BEGIN Dataset entries
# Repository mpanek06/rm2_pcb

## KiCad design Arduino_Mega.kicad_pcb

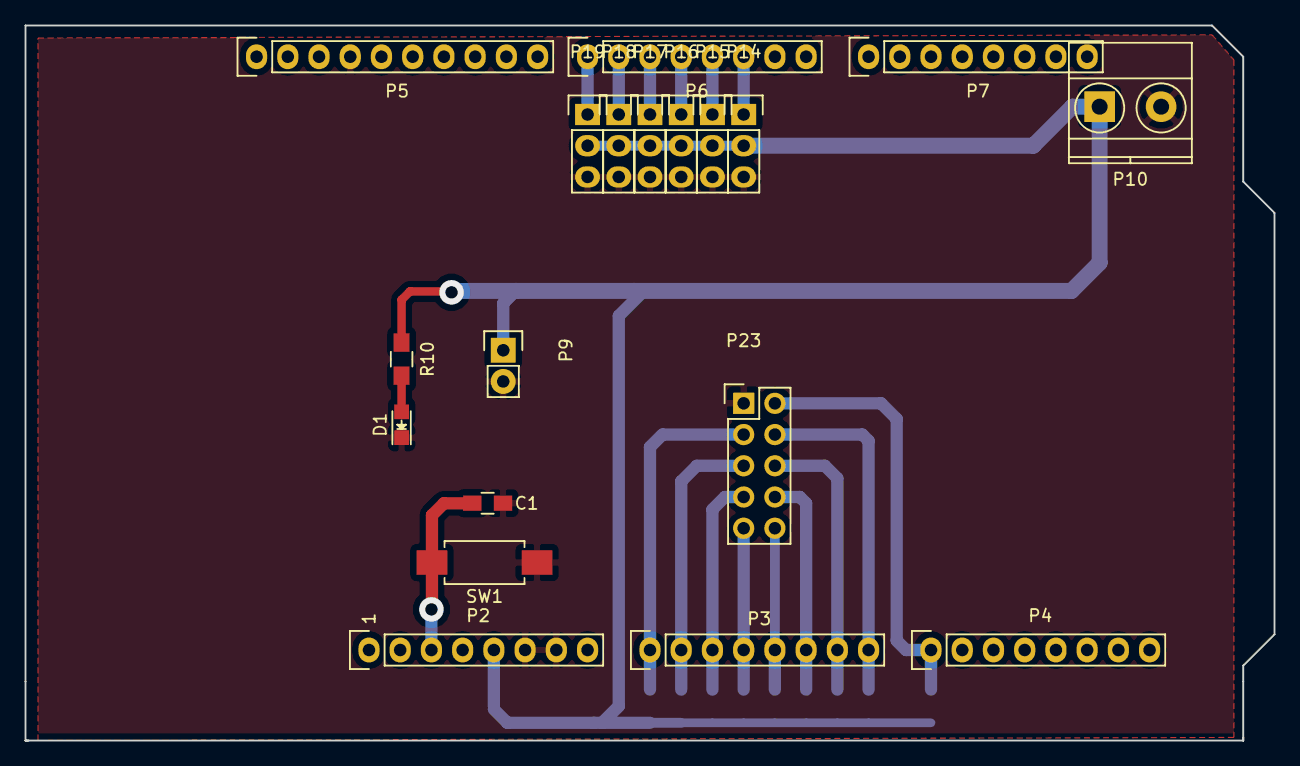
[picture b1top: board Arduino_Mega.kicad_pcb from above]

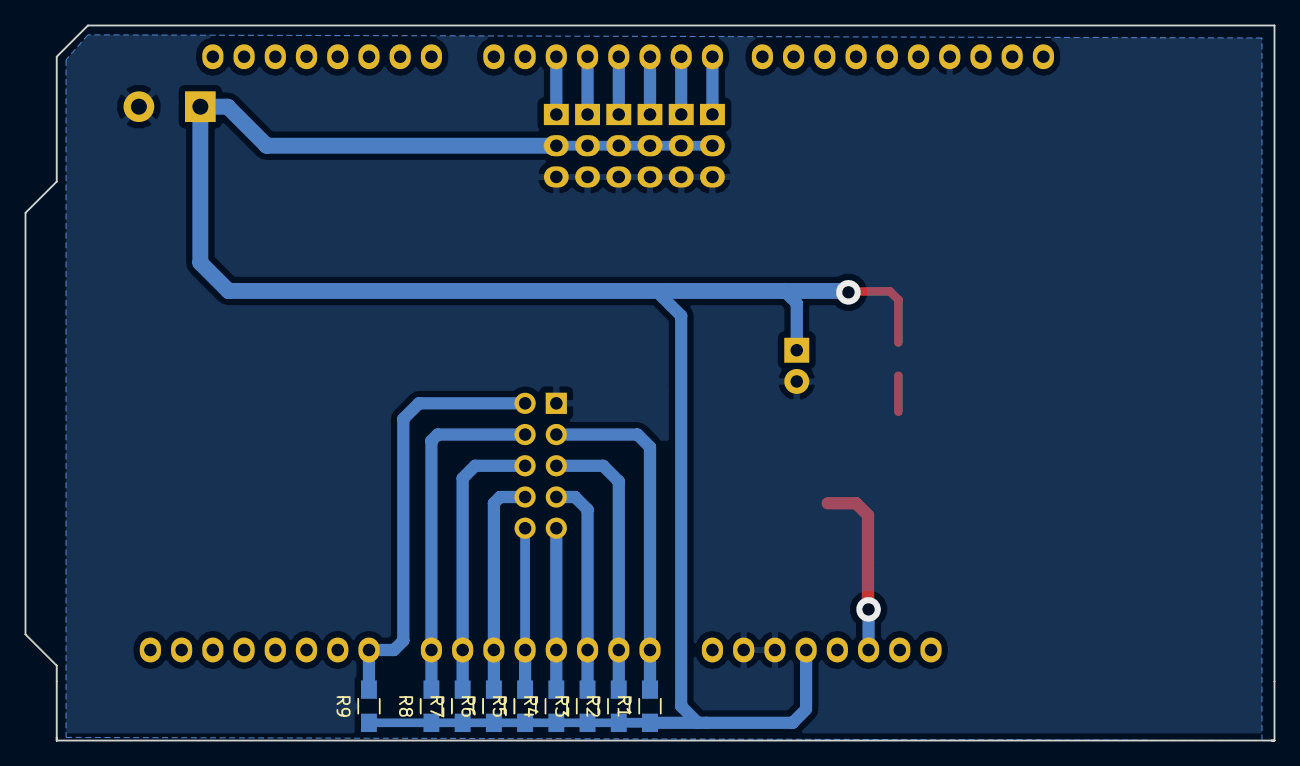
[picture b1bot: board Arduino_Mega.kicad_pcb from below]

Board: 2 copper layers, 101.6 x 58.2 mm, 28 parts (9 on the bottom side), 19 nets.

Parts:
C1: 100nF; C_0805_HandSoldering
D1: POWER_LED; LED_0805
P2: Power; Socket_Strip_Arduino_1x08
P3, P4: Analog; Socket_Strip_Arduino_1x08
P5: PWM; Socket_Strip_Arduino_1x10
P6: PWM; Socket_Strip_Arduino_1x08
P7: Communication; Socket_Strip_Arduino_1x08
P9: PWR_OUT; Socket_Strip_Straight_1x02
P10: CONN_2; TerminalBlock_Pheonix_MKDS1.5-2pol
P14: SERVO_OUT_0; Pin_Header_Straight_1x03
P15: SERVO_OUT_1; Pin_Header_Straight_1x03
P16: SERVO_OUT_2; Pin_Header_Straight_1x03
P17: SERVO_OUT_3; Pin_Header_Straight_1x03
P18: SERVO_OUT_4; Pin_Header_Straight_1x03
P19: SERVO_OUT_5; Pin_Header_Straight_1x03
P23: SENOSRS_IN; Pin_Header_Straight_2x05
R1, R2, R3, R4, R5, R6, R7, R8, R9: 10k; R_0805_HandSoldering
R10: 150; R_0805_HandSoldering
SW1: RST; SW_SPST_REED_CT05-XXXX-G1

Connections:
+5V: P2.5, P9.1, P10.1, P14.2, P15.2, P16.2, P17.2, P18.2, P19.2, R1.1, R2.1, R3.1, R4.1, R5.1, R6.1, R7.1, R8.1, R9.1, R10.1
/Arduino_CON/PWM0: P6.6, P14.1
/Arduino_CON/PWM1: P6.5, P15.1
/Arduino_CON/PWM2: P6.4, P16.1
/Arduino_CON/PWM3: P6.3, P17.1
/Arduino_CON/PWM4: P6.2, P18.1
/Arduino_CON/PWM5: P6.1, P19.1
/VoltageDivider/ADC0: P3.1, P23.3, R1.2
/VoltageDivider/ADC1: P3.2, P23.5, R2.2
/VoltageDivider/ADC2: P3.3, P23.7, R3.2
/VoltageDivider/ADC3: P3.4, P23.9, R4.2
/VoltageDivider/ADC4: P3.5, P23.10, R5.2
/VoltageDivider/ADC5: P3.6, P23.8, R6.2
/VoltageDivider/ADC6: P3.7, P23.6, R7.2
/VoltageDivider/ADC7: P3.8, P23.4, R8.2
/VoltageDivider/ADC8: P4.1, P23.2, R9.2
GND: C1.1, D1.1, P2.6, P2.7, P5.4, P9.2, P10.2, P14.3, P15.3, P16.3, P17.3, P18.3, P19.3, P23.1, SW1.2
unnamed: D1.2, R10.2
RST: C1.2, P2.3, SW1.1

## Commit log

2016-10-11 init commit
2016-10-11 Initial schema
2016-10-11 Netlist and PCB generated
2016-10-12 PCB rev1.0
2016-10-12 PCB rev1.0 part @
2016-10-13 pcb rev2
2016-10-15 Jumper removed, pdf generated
END Dataset entries
## What is needed
Exact copies of the line with "unnamed: D1.2, R10.2" and of every later line in the entries make up the whole answer.

## Response to this exercise
unnamed: D1.2, R10.2
RST: C1.2, P2.3, SW1.1

## Commit log

2016-10-11 init commit
2016-10-11 Initial schema
2016-10-11 Netlist and PCB generated
2016-10-12 PCB rev1.0
2016-10-12 PCB rev1.0 part @
2016-10-13 pcb rev2
2016-10-15 Jumper removed, pdf generated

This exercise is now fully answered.